(Items from a data source)
- - -

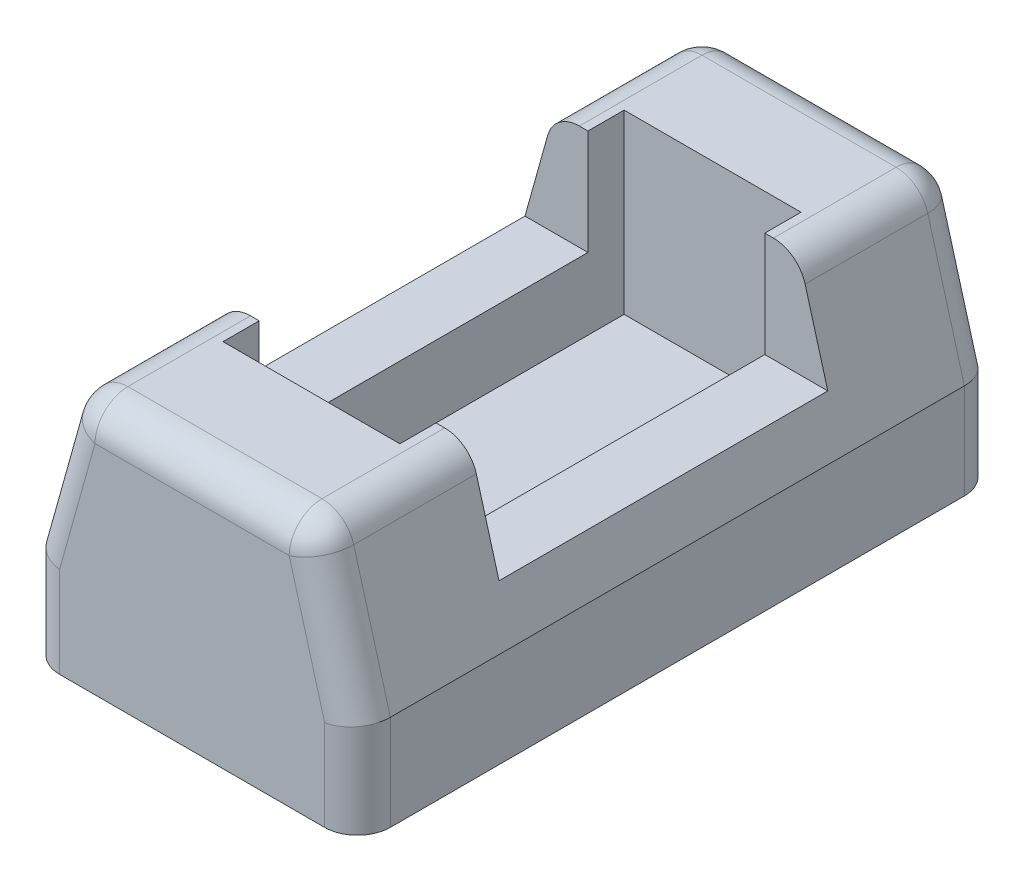
ISO-10303-21;
HEADER;
FILE_DESCRIPTION(('STEP AP214'),'2;1');
FILE_NAME('part.step','',(''),(''),'','','');
FILE_SCHEMA(('AUTOMOTIVE_DESIGN { 1 0 10303 214 1 1 1 1 }'));
ENDSEC;
DATA;
#1=APPLICATION_CONTEXT('core data for automotive mechanical design processes');
#2=APPLICATION_PROTOCOL_DEFINITION('international standard','automotive_design',2000,#1);
#3=PRODUCT_CONTEXT('',#1,'mechanical');
#4=PRODUCT('Part','Part','',(#3));
#5=PRODUCT_RELATED_PRODUCT_CATEGORY('part','',(#4));
#6=PRODUCT_DEFINITION_FORMATION('','',#4);
#7=PRODUCT_DEFINITION_CONTEXT('part definition',#1,'design');
#8=PRODUCT_DEFINITION('design','',#6,#7);
#9=PRODUCT_DEFINITION_SHAPE('','',#8);
#10=(LENGTH_UNIT() NAMED_UNIT(*) SI_UNIT(.MILLI.,.METRE.));
#11=(NAMED_UNIT(*) PLANE_ANGLE_UNIT() SI_UNIT($,.RADIAN.));
#12=(NAMED_UNIT(*) SI_UNIT($,.STERADIAN.) SOLID_ANGLE_UNIT());
#13=UNCERTAINTY_MEASURE_WITH_UNIT(LENGTH_MEASURE(1.E-05),#10,'distance_accuracy_value','');
#14=(GEOMETRIC_REPRESENTATION_CONTEXT(3) GLOBAL_UNCERTAINTY_ASSIGNED_CONTEXT((#13)) GLOBAL_UNIT_ASSIGNED_CONTEXT((#10,
#11,#12)) REPRESENTATION_CONTEXT('',''));
#15=CARTESIAN_POINT('',(0.,0.,0.));
#16=DIRECTION('',(0.,0.,1.));
#17=DIRECTION('',(1.,0.,0.));
#18=AXIS2_PLACEMENT_3D('',#15,#16,#17);
#19=CARTESIAN_POINT('',(0.,1.12,0.));
#20=DIRECTION('',(0.,1.,0.));
#21=DIRECTION('',(0.,0.,1.));
#22=AXIS2_PLACEMENT_3D('',#19,#20,#21);
#23=PLANE('',#22);
#24=DIRECTION('',(0.,0.,-1.));
#25=VECTOR('',#24,1.);
#26=CARTESIAN_POINT('',(1.345,1.12,3.05));
#27=LINE('',#26,#25);
#28=CARTESIAN_POINT('',(1.345,1.12,3.05));
#29=VERTEX_POINT('',#28);
#30=CARTESIAN_POINT('',(1.345,1.12,-3.05));
#31=VERTEX_POINT('',#30);
#32=EDGE_CURVE('E655',#29,#31,#27,.T.);
#33=ORIENTED_EDGE('',*,*,#32,.T.);
#34=DIRECTION('',(-1.,0.,0.));
#35=VECTOR('',#34,1.);
#36=CARTESIAN_POINT('',(1.345,1.12,-3.05));
#37=LINE('',#36,#35);
#38=CARTESIAN_POINT('',(-1.345,1.12,-3.05));
#39=VERTEX_POINT('',#38);
#40=EDGE_CURVE('E658',#31,#39,#37,.T.);
#41=ORIENTED_EDGE('',*,*,#40,.T.);
#42=DIRECTION('',(0.,0.,1.));
#43=VECTOR('',#42,1.);
#44=CARTESIAN_POINT('',(-1.345,1.12,3.05));
#45=LINE('',#44,#43);
#46=CARTESIAN_POINT('',(-1.345,1.12,3.05));
#47=VERTEX_POINT('',#46);
#48=EDGE_CURVE('E645',#39,#47,#45,.T.);
#49=ORIENTED_EDGE('',*,*,#48,.T.);
#50=DIRECTION('',(1.,0.,0.));
#51=VECTOR('',#50,1.);
#52=CARTESIAN_POINT('',(1.345,1.12,3.05));
#53=LINE('',#52,#51);
#54=EDGE_CURVE('E667',#47,#29,#53,.T.);
#55=ORIENTED_EDGE('',*,*,#54,.T.);
#56=EDGE_LOOP('',(#33,#41,#49,#55));
#57=FACE_BOUND('',#56,.T.);
#58=ADVANCED_FACE('F17',(#57),#23,.T.);
#59=CARTESIAN_POINT('',(1.345,1.12,-3.05));
#60=DIRECTION('',(0.,0.,-1.));
#61=DIRECTION('',(-1.,0.,0.));
#62=AXIS2_PLACEMENT_3D('',#59,#60,#61);
#63=PLANE('',#62);
#64=DIRECTION('',(0.,1.,0.));
#65=VECTOR('',#64,1.);
#66=CARTESIAN_POINT('',(-1.345,1.12,-3.05));
#67=LINE('',#66,#65);
#68=CARTESIAN_POINT('',(-1.345,3.81,-3.05));
#69=VERTEX_POINT('',#68);
#70=EDGE_CURVE('E628',#69,#39,#67,.F.);
#71=ORIENTED_EDGE('',*,*,#70,.T.);
#72=ORIENTED_EDGE('',*,*,#40,.F.);
#73=DIRECTION('',(0.,1.,0.));
#74=VECTOR('',#73,1.);
#75=CARTESIAN_POINT('',(1.345,1.12,-3.05));
#76=LINE('',#75,#74);
#77=CARTESIAN_POINT('',(1.345,3.81,-3.05));
#78=VERTEX_POINT('',#77);
#79=EDGE_CURVE('E652',#31,#78,#76,.T.);
#80=ORIENTED_EDGE('',*,*,#79,.T.);
#81=DIRECTION('',(1.,0.,0.));
#82=VECTOR('',#81,1.);
#83=CARTESIAN_POINT('',(-1.855543495359,3.81,-3.05));
#84=LINE('',#83,#82);
#85=EDGE_CURVE('E631',#78,#69,#84,.F.);
#86=ORIENTED_EDGE('',*,*,#85,.T.);
#87=EDGE_LOOP('',(#71,#72,#80,#86));
#88=FACE_BOUND('',#87,.T.);
#89=ADVANCED_FACE('F423',(#88),#63,.F.);
#90=CARTESIAN_POINT('',(-1.345,1.12,3.05));
#91=DIRECTION('',(-1.,0.,0.));
#92=DIRECTION('',(0.,0.,1.));
#93=AXIS2_PLACEMENT_3D('',#90,#91,#92);
#94=PLANE('',#93);
#95=DIRECTION('',(0.,1.,0.));
#96=VECTOR('',#95,1.);
#97=CARTESIAN_POINT('',(-1.345,1.12,3.05));
#98=LINE('',#97,#96);
#99=CARTESIAN_POINT('',(-1.345,3.81,3.05));
#100=VERTEX_POINT('',#99);
#101=EDGE_CURVE('E669',#100,#47,#98,.F.);
#102=ORIENTED_EDGE('',*,*,#101,.T.);
#103=ORIENTED_EDGE('',*,*,#48,.F.);
#104=ORIENTED_EDGE('',*,*,#70,.F.);
#105=DIRECTION('',(0.,0.,-1.));
#106=VECTOR('',#105,1.);
#107=CARTESIAN_POINT('',(-1.345,3.81,4.865));
#108=LINE('',#107,#106);
#109=CARTESIAN_POINT('',(-1.345,3.81,-2.5));
#110=VERTEX_POINT('',#109);
#111=EDGE_CURVE('E625',#69,#110,#108,.F.);
#112=ORIENTED_EDGE('',*,*,#111,.T.);
#113=DIRECTION('',(0.,1.,0.));
#114=VECTOR('',#113,1.);
#115=CARTESIAN_POINT('',(-1.345,3.81,-2.5));
#116=LINE('',#115,#114);
#117=CARTESIAN_POINT('',(-1.345,2.21,-2.5));
#118=VERTEX_POINT('',#117);
#119=EDGE_CURVE('E389',#110,#118,#116,.F.);
#120=ORIENTED_EDGE('',*,*,#119,.T.);
#121=DIRECTION('',(0.,0.,-1.));
#122=VECTOR('',#121,1.);
#123=CARTESIAN_POINT('',(-1.345,2.21,2.5));
#124=LINE('',#123,#122);
#125=CARTESIAN_POINT('',(-1.345,2.21,2.5));
#126=VERTEX_POINT('',#125);
#127=EDGE_CURVE('E367',#118,#126,#124,.F.);
#128=ORIENTED_EDGE('',*,*,#127,.T.);
#129=DIRECTION('',(0.,1.,0.));
#130=VECTOR('',#129,1.);
#131=CARTESIAN_POINT('',(-1.345,1.12,2.5));
#132=LINE('',#131,#130);
#133=CARTESIAN_POINT('',(-1.345,3.81,2.5));
#134=VERTEX_POINT('',#133);
#135=EDGE_CURVE('E617',#134,#126,#132,.F.);
#136=ORIENTED_EDGE('',*,*,#135,.F.);
#137=DIRECTION('',(0.,0.,1.));
#138=VECTOR('',#137,1.);
#139=CARTESIAN_POINT('',(-1.345,3.81,3.05));
#140=LINE('',#139,#138);
#141=EDGE_CURVE('E672',#100,#134,#140,.F.);
#142=ORIENTED_EDGE('',*,*,#141,.F.);
#143=EDGE_LOOP('',(#102,#103,#104,#112,#120,#128,#136,#142));
#144=FACE_BOUND('',#143,.T.);
#145=ADVANCED_FACE('F420',(#144),#94,.F.);
#146=CARTESIAN_POINT('',(1.345,1.12,3.05));
#147=DIRECTION('',(0.,0.,1.));
#148=DIRECTION('',(1.,0.,0.));
#149=AXIS2_PLACEMENT_3D('',#146,#147,#148);
#150=PLANE('',#149);
#151=DIRECTION('',(0.,1.,0.));
#152=VECTOR('',#151,1.);
#153=CARTESIAN_POINT('',(1.345,1.12,3.05));
#154=LINE('',#153,#152);
#155=CARTESIAN_POINT('',(1.345,3.81,3.05));
#156=VERTEX_POINT('',#155);
#157=EDGE_CURVE('E664',#156,#29,#154,.F.);
#158=ORIENTED_EDGE('',*,*,#157,.T.);
#159=ORIENTED_EDGE('',*,*,#54,.F.);
#160=ORIENTED_EDGE('',*,*,#101,.F.);
#161=DIRECTION('',(1.,0.,0.));
#162=VECTOR('',#161,1.);
#163=CARTESIAN_POINT('',(-1.855543495359,3.81,3.05));
#164=LINE('',#163,#162);
#165=EDGE_CURVE('E709',#100,#156,#164,.T.);
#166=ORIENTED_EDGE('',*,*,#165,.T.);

- - -

Description of the task: Retype exactly the lines of the data above that fall between the line with "#138=VECTOR('',#137,1.);" and the line with "#145=ADVANCED_FACE('F420',(#144),#94,.F.);", inclusive, and add nothing.

Expected answer:
#138=VECTOR('',#137,1.);
#139=CARTESIAN_POINT('',(-1.345,3.81,3.05));
#140=LINE('',#139,#138);
#141=EDGE_CURVE('E672',#100,#134,#140,.F.);
#142=ORIENTED_EDGE('',*,*,#141,.F.);
#143=EDGE_LOOP('',(#102,#103,#104,#112,#120,#128,#136,#142));
#144=FACE_BOUND('',#143,.T.);
#145=ADVANCED_FACE('F420',(#144),#94,.F.);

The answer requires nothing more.